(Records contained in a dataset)
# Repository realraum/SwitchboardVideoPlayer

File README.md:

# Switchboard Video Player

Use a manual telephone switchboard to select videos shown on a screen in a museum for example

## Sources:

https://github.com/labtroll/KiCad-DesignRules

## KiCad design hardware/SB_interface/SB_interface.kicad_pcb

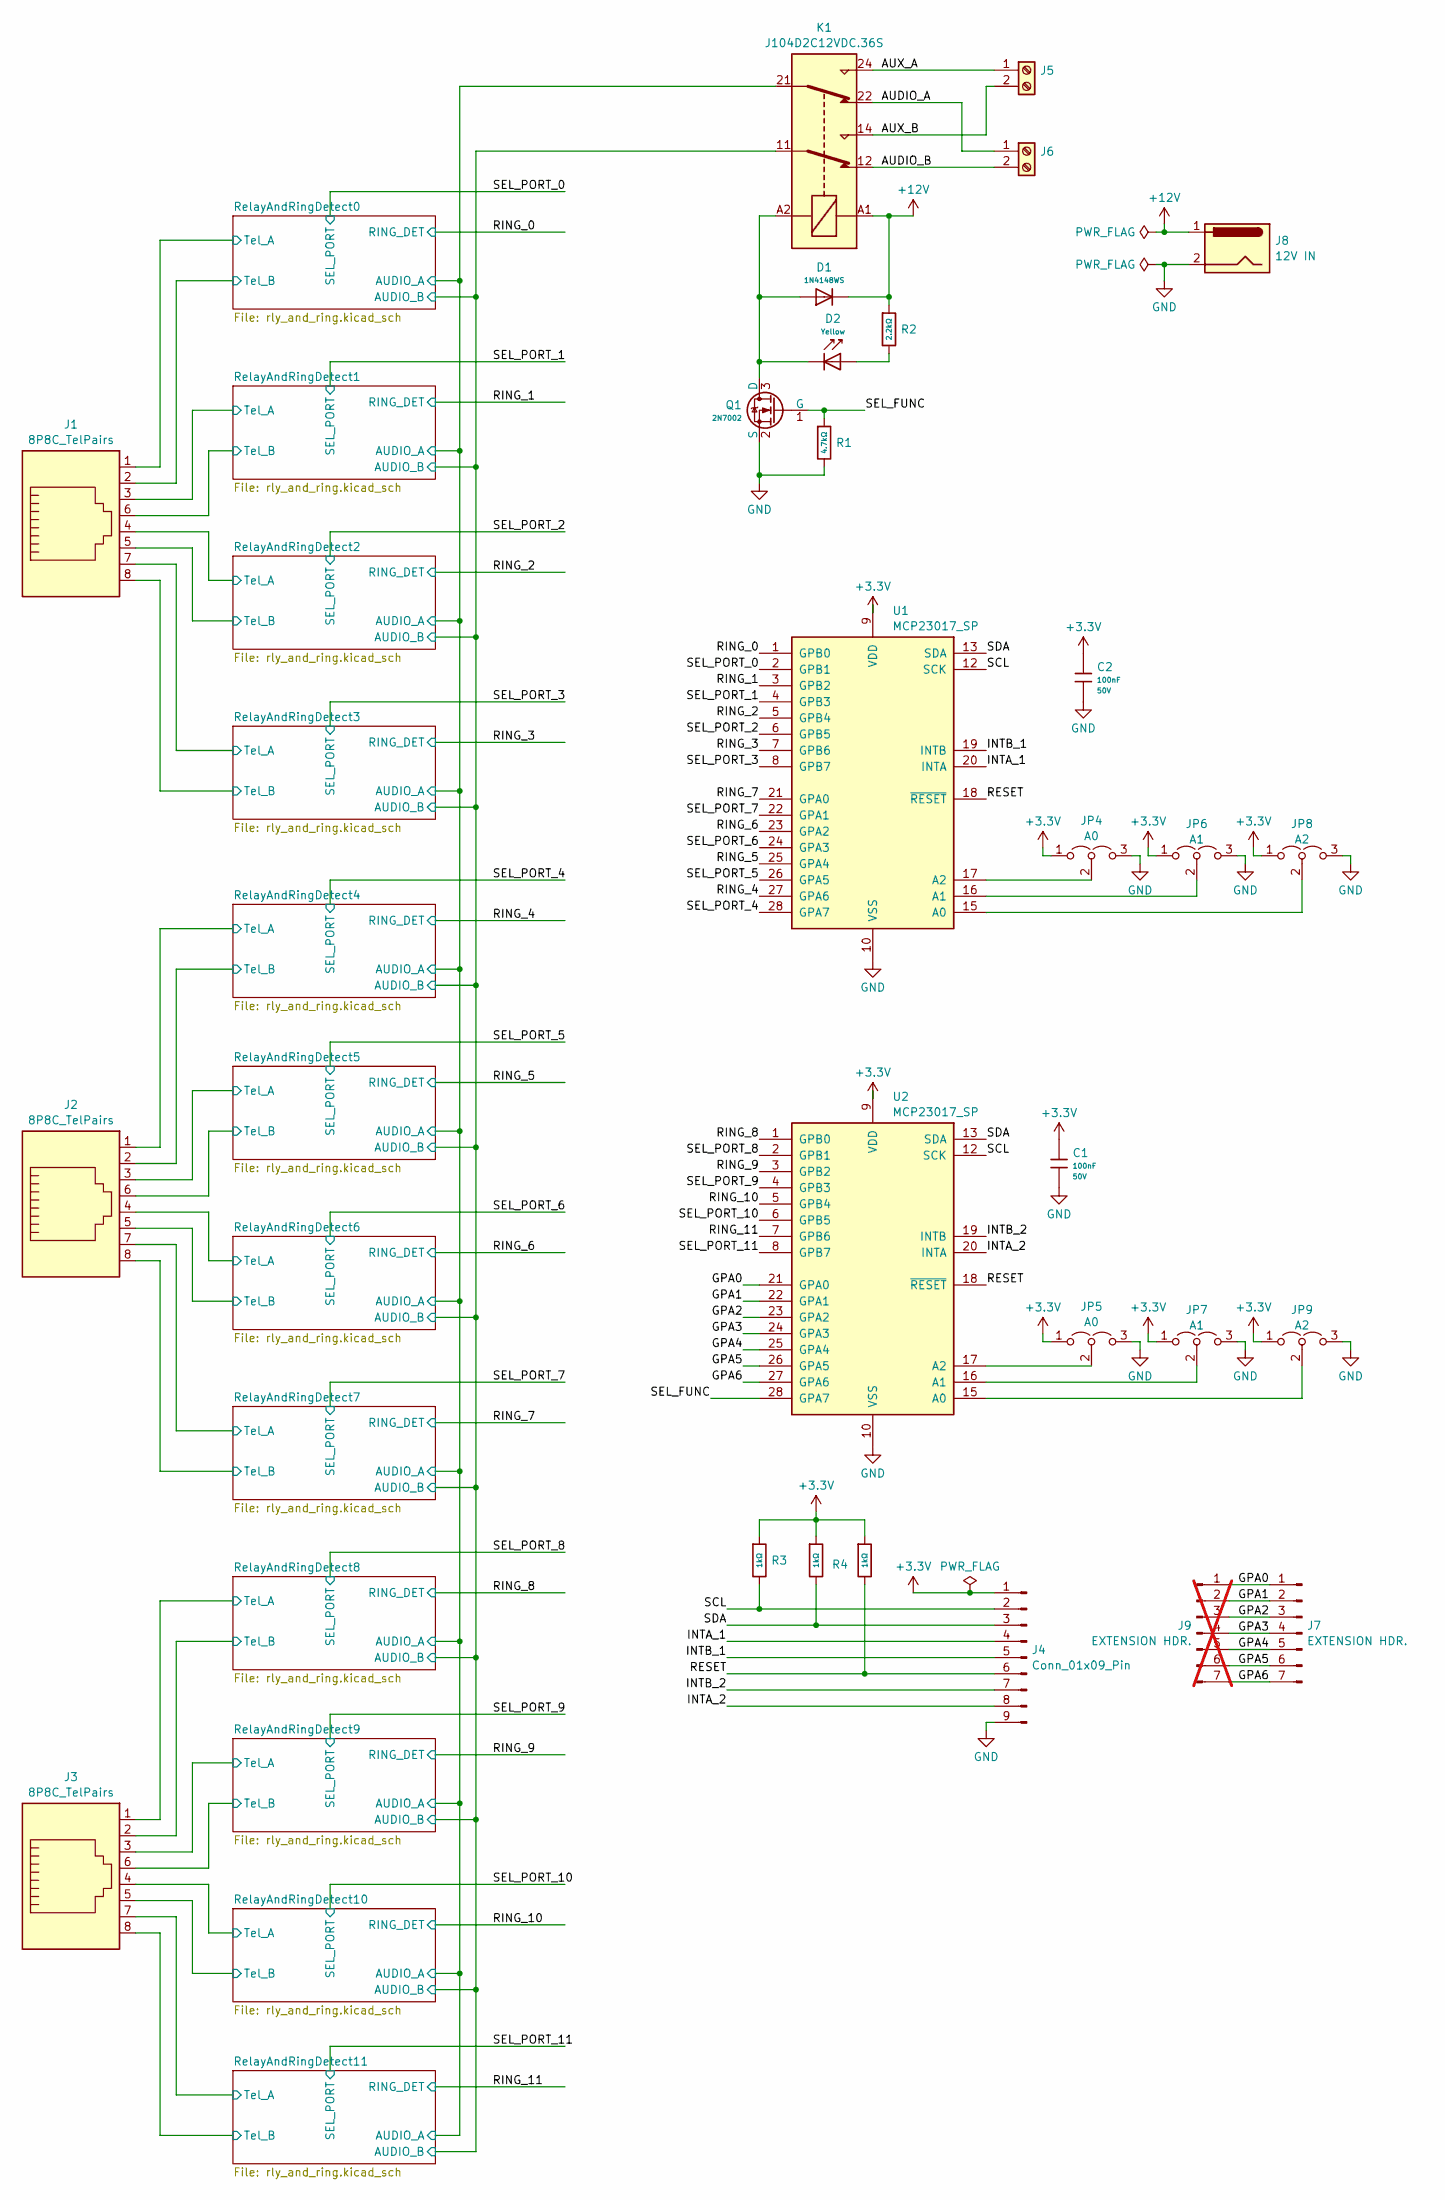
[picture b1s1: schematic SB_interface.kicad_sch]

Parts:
C1, C2: 100nF; C_0805; Voltage Rated 50V; Tolerance ±10%; Part CC0805KRX7R9BB104; LCSC C49678
D1: 1N4148WS; D_SOD-323; Forward Voltage (Vf@If) 1.25V@150mA; Reverse Voltage (Vr) 100V; Part 1N4148WS; LCSC C2128
D2: Yellow; D_0805; Part KT-0805Y; LCSC C2296
J1, J2, J3: 8P8C_TelPairs; RJ45_Amphenol_54602-x08_Horizontal
J4: Conn_01x09_Pin; PinHeader_1x09_P2.54mm_Vertical
J5: AUX; TerminalBlock_Phoenix_PT-1,5-2-3.5-H_1x02_P3.50mm_Horizontal
J6: AUDIO; TerminalBlock_Phoenix_PT-1,5-2-3.5-H_1x02_P3.50mm_Horizontal
J7: EXTENSION HDR.; PinHeader_1x07_P2.54mm_Vertical
J8: 12V IN; BarrelJack_Horizontal
J9: EXTENSION HDR.; PinHeader_1x07_P2.54mm_Vertical; not fitted
JP4, JP5: A0; PinHeader_1x03_P2.54mm_Vertical
JP6, JP7: A1; PinHeader_1x03_P2.54mm_Vertical
JP8, JP9: A2; PinHeader_1x03_P2.54mm_Vertical
K1: J104D2C12VDC.36S
Q1: 2N7002; Q_SOT-23; Part 2N7002; LCSC C8545
R1: 4.7kΩ; R_0805; Overload Voltage (Max) 150V; Tolerance ±1%; Part 0805W8F4701T5E; LCSC C17673
R2: 2.2kΩ; R_0805; Overload Voltage (Max) 150V; Tolerance ±1%; Part 0805W8F2201T5E; LCSC C17520
R3, R4, R5: 1kΩ; R_0805; Overload Voltage (Max) 150V; Tolerance ±1%; Part 0805W8F1001T5E; LCSC C17513
U1, U2: MCP23017_SP; DIP-28_W7.62mm

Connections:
+3.3V: C1.1, C2.1, J4.1, JP4.1 (A), JP5.1 (A), JP6.1 (A), JP7.1 (A), JP8.1 (A), JP9.1 (A), R3.1, R4.1, R5.1, U1.9 (VDD), U2.9 (VDD); also elsewhere on the board
+12V: D1.1, J8.1, K1.A1, R2.1; also elsewhere on the board
/AUDIO_A: J6.1, K1.22
/AUDIO_B: J6.2, K1.12
/AUX_A: J5.1, K1.24
/AUX_B: J5.2, K1.14
/GPA0: J7.1, J9.1, U2.21 (GPA0)
/GPA1: J7.2, J9.2, U2.22 (GPA1)
/GPA2: J7.3, J9.3, U2.23 (GPA2)
/GPA3: J7.4, J9.4, U2.24 (GPA3)
/GPA4: J7.5, J9.5, U2.25 (GPA4)
/GPA5: J7.6, J9.6, U2.26 (GPA5)
/GPA6: J7.7, J9.7, U2.27 (GPA6)
/INTA_1: J4.4, U1.20 (INTA)
/INTA_2: J4.8, U2.20 (INTA)
/INTB_1: J4.5, U1.19 (INTB)
/INTB_2: J4.7, U2.19 (INTB)
/RESET: J4.6, R5.2, U1.18 (~RESET), U2.18 (~RESET)
/RING_0: U1.1 (GPB0); also elsewhere on the board
/RING_1: U1.3 (GPB2); also elsewhere on the board
/RING_2: U1.5 (GPB4); also elsewhere on the board
/RING_3: U1.7 (GPB6); also elsewhere on the board
/RING_4: U1.27 (GPA6); also elsewhere on the board
/RING_5: U1.25 (GPA4); also elsewhere on the board
/RING_6: U1.23 (GPA2); also elsewhere on the board
/RING_7: U1.21 (GPA0); also elsewhere on the board
/RING_8: U2.1 (GPB0); also elsewhere on the board
/RING_9: U2.3 (GPB2); also elsewhere on the board
/RING_10: U2.5 (GPB4); also elsewhere on the board
/RING_11: U2.7 (GPB6); also elsewhere on the board
/RelayAndRingDetect0/AUDIO_A: K1.21; also elsewhere on the board
/RelayAndRingDetect0/AUDIO_B: K1.11; also elsewhere on the board
/RelayAndRingDetect0/Tel_A: J1.1; also elsewhere on the board
/RelayAndRingDetect0/Tel_B: J1.2; also elsewhere on the board
/RelayAndRingDetect1/Tel_A: J1.3; also elsewhere on the board
/RelayAndRingDetect1/Tel_B: J1.6; also elsewhere on the board
/RelayAndRingDetect2/Tel_A: J1.4; also elsewhere on the board
/RelayAndRingDetect2/Tel_B: J1.5; also elsewhere on the board
/RelayAndRingDetect3/Tel_A: J1.7; also elsewhere on the board
/RelayAndRingDetect3/Tel_B: J1.8; also elsewhere on the board
/RelayAndRingDetect4/Tel_A: J2.1; also elsewhere on the board
/RelayAndRingDetect4/Tel_B: J2.2; also elsewhere on the board
/RelayAndRingDetect5/Tel_A: J2.3; also elsewhere on the board
/RelayAndRingDetect5/Tel_B: J2.6; also elsewhere on the board
/RelayAndRingDetect6/Tel_A: J2.4; also elsewhere on the board
/RelayAndRingDetect6/Tel_B: J2.5; also elsewhere on the board
/RelayAndRingDetect7/Tel_A: J2.7; also elsewhere on the board
/RelayAndRingDetect7/Tel_B: J2.8; also elsewhere on the board
/RelayAndRingDetect8/Tel_A: J3.1; also elsewhere on the board
/RelayAndRingDetect8/Tel_B: J3.2; also elsewhere on the board
/RelayAndRingDetect9/Tel_A: J3.3; also elsewhere on the board
/RelayAndRingDetect9/Tel_B: J3.6; also elsewhere on the board
/RelayAndRingDetect10/Tel_A: J3.4; also elsewhere on the board
/RelayAndRingDetect10/Tel_B: J3.5; also elsewhere on the board
/RelayAndRingDetect11/Tel_A: J3.7; also elsewhere on the board
/RelayAndRingDetect11/Tel_B: J3.8; also elsewhere on the board
/SCL: J4.2, R3.2, U1.12 (SCK), U2.12 (SCK)
/SDA: J4.3, R4.2, U1.13 (SDA), U2.13 (SDA)
/SEL_FUNC: Q1.1 (G), R1.1, U2.28 (GPA7)
/SEL_PORT_0: U1.2 (GPB1); also elsewhere on the board
/SEL_PORT_1: U1.4 (GPB3); also elsewhere on the board
/SEL_PORT_2: U1.6 (GPB5); also elsewhere on the board
/SEL_PORT_3: U1.8 (GPB7); also elsewhere on the board
/SEL_PORT_4: U1.28 (GPA7); also elsewhere on the board
/SEL_PORT_5: U1.26 (GPA5); also elsewhere on the board
/SEL_PORT_6: U1.24 (GPA3); also elsewhere on the board
/SEL_PORT_7: U1.22 (GPA1); also elsewhere on the board
/SEL_PORT_8: U2.2 (GPB1); also elsewhere on the board
/SEL_PORT_9: U2.4 (GPB3); also elsewhere on the board
/SEL_PORT_10: U2.6 (GPB5); also elsewhere on the board
/SEL_PORT_11: U2.8 (GPB7); also elsewhere on the board
GND: C1.2, C2.2, J4.9, J8.2, JP4.3 (B), JP5.3 (B), JP6.3 (B), JP7.3 (B), JP8.3 (B), JP9.3 (B), Q1.2 (S), R1.2, U1.10 (VSS), U2.10 (VSS); also elsewhere on the board
unnamed: D2.2, R2.2
unnamed: JP4.2 (C), U1.17 (A2)
unnamed: JP5.2 (C), U2.17 (A2)
unnamed: JP6.2 (C), U1.16 (A1)
unnamed: JP7.2 (C), U2.16 (A1)
unnamed: JP8.2 (C), U1.15 (A0)
unnamed: JP9.2 (C), U2.15 (A0)
unnamed: D1.2, D2.1, K1.A2, Q1.3 (D)

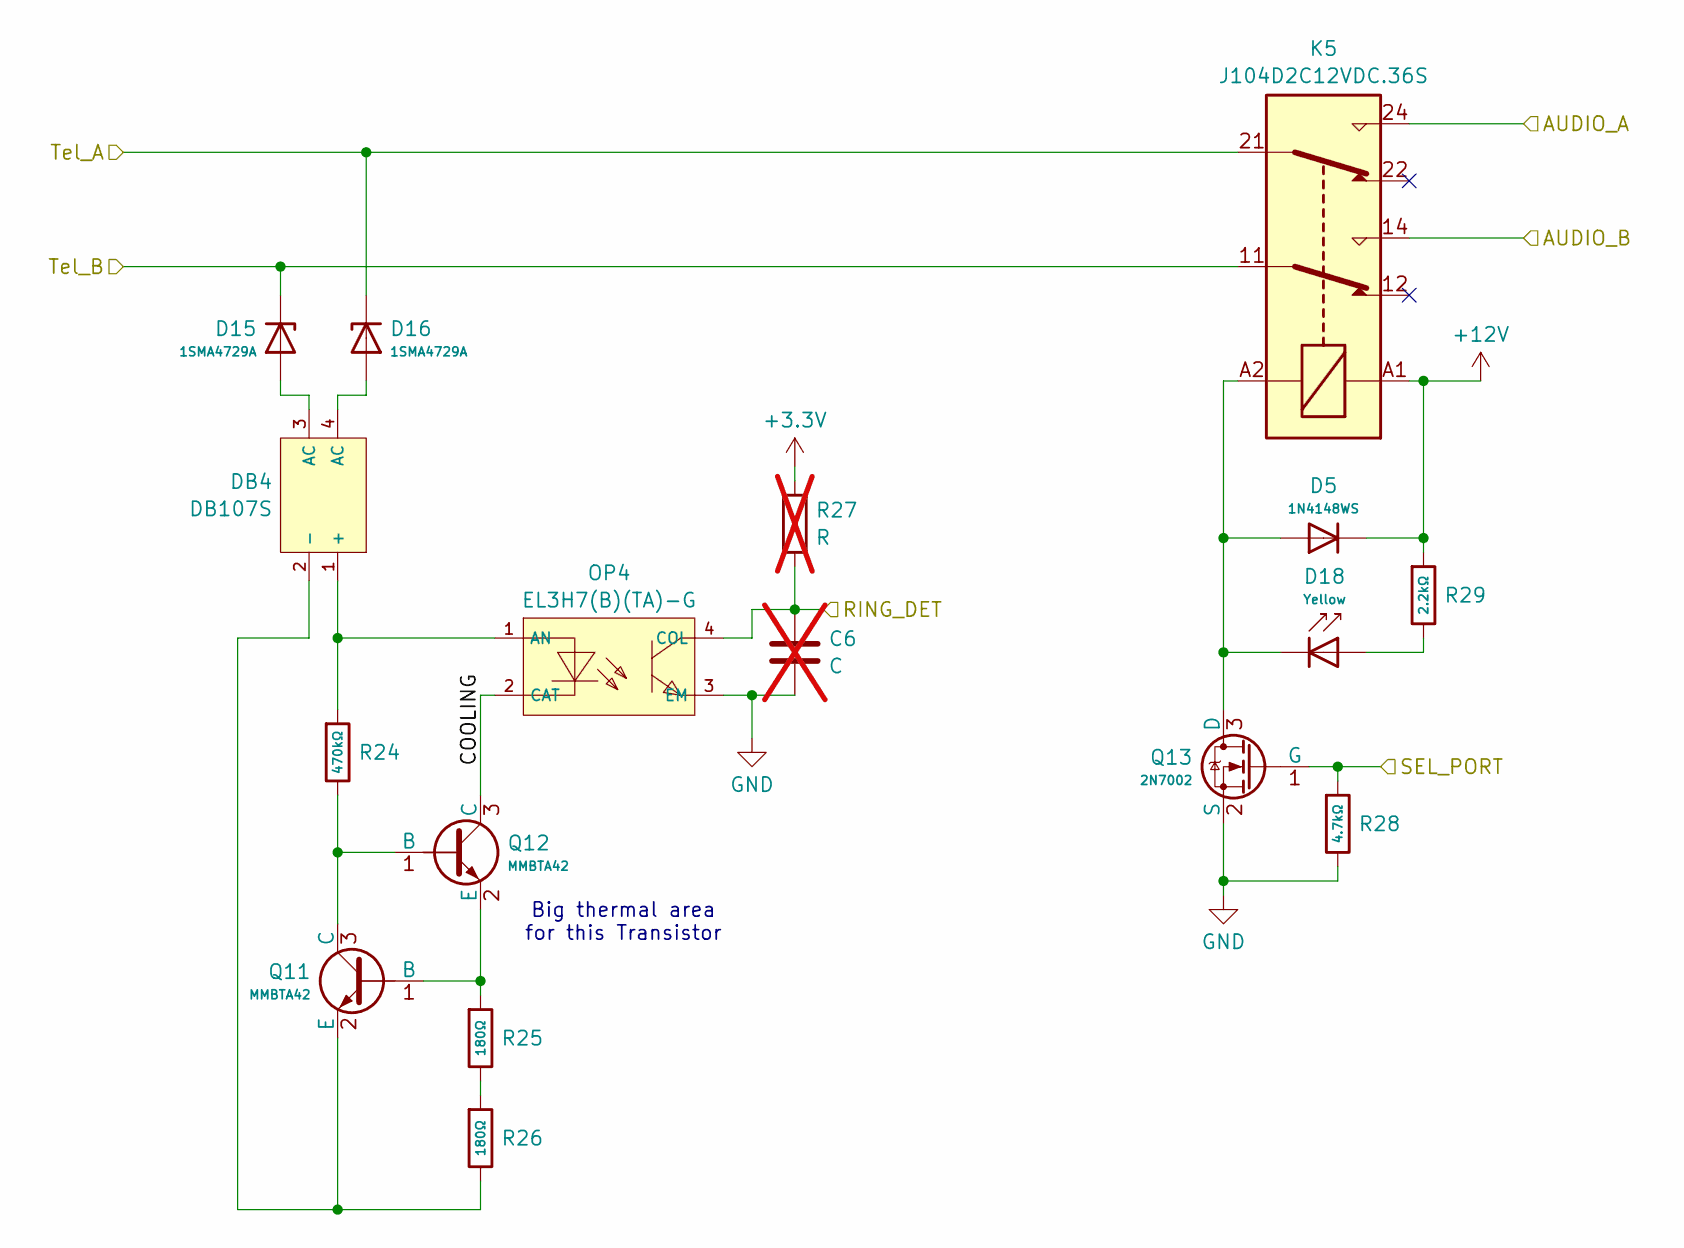
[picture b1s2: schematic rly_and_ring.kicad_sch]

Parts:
C6: C; C_0805_2012Metric_Pad1.18x1.45mm_HandSolder; not fitted
D5: 1N4148WS; D_SOD-323; Forward Voltage (Vf@If) 1.25V@150mA; Reverse Voltage (Vr) 100V; Part 1N4148WS; LCSC C2128
D15, D16: 1SMA4729A; D_SMA; Part 1SMA4729A; LCSC C19077475
D18: Yellow; D_0805; Part KT-0805Y; LCSC C2296
DB4: DB107S; DBS_L8.2-W6.4-P5.10-LS10.0-BL; Reverse Voltage (Vr) 1kV; Forward Voltage (Vf@If) 1.1V@1A; Part DB107S; LCSC C5377
K5: J104D2C12VDC.36S
OP4: EL3H7(B)(TA)-G; SOP-4_L4.4-W2.8-P1.27-LS7.0-TL; Forward Voltage 1.2V; Reverse Voltage 6V; Part EL3H7(B)(TA)-G; LCSC C32565
Q11, Q12: MMBTA42; Q_SOT-23; Part MMBTA42; LCSC C20069138
Q13: 2N7002; Q_SOT-23; Part 2N7002; LCSC C8545
R24: 470kΩ; R_0805; Overload Voltage (Max) 150V; Tolerance ±1%; Part 0805W8F4703T5E; LCSC C17709
R25, R26: 180Ω; R_2010; Part FRC2010J181 TS; LCSC C2907560
R27: R; R_0805_2012Metric_Pad1.20x1.40mm_HandSolder; not fitted
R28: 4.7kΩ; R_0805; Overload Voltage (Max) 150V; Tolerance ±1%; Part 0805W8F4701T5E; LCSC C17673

### What is required
Starting with the first line of the records above and stopping after the line containing "R2: 2.2kΩ; R_0805;", repeat every line exactly and leave out the pictures.

### Problem solution
# Repository realraum/SwitchboardVideoPlayer

File README.md:

# Switchboard Video Player

Use a manual telephone switchboard to select videos shown on a screen in a museum for example

## Sources:

https://github.com/labtroll/KiCad-DesignRules

## KiCad design hardware/SB_interface/SB_interface.kicad_pcb

[picture b1s1: schematic SB_interface.kicad_sch]

Parts:
C1, C2: 100nF; C_0805; Voltage Rated 50V; Tolerance ±10%; Part CC0805KRX7R9BB104; LCSC C49678
D1: 1N4148WS; D_SOD-323; Forward Voltage (Vf@If) 1.25V@150mA; Reverse Voltage (Vr) 100V; Part 1N4148WS; LCSC C2128
D2: Yellow; D_0805; Part KT-0805Y; LCSC C2296
J1, J2, J3: 8P8C_TelPairs; RJ45_Amphenol_54602-x08_Horizontal
J4: Conn_01x09_Pin; PinHeader_1x09_P2.54mm_Vertical
J5: AUX; TerminalBlock_Phoenix_PT-1,5-2-3.5-H_1x02_P3.50mm_Horizontal
J6: AUDIO; TerminalBlock_Phoenix_PT-1,5-2-3.5-H_1x02_P3.50mm_Horizontal
J7: EXTENSION HDR.; PinHeader_1x07_P2.54mm_Vertical
J8: 12V IN; BarrelJack_Horizontal
J9: EXTENSION HDR.; PinHeader_1x07_P2.54mm_Vertical; not fitted
JP4, JP5: A0; PinHeader_1x03_P2.54mm_Vertical
JP6, JP7: A1; PinHeader_1x03_P2.54mm_Vertical
JP8, JP9: A2; PinHeader_1x03_P2.54mm_Vertical
K1: J104D2C12VDC.36S
Q1: 2N7002; Q_SOT-23; Part 2N7002; LCSC C8545
R1: 4.7kΩ; R_0805; Overload Voltage (Max) 150V; Tolerance ±1%; Part 0805W8F4701T5E; LCSC C17673
R2: 2.2kΩ; R_0805; Overload Voltage (Max) 150V; Tolerance ±1%; Part 0805W8F2201T5E; LCSC C17520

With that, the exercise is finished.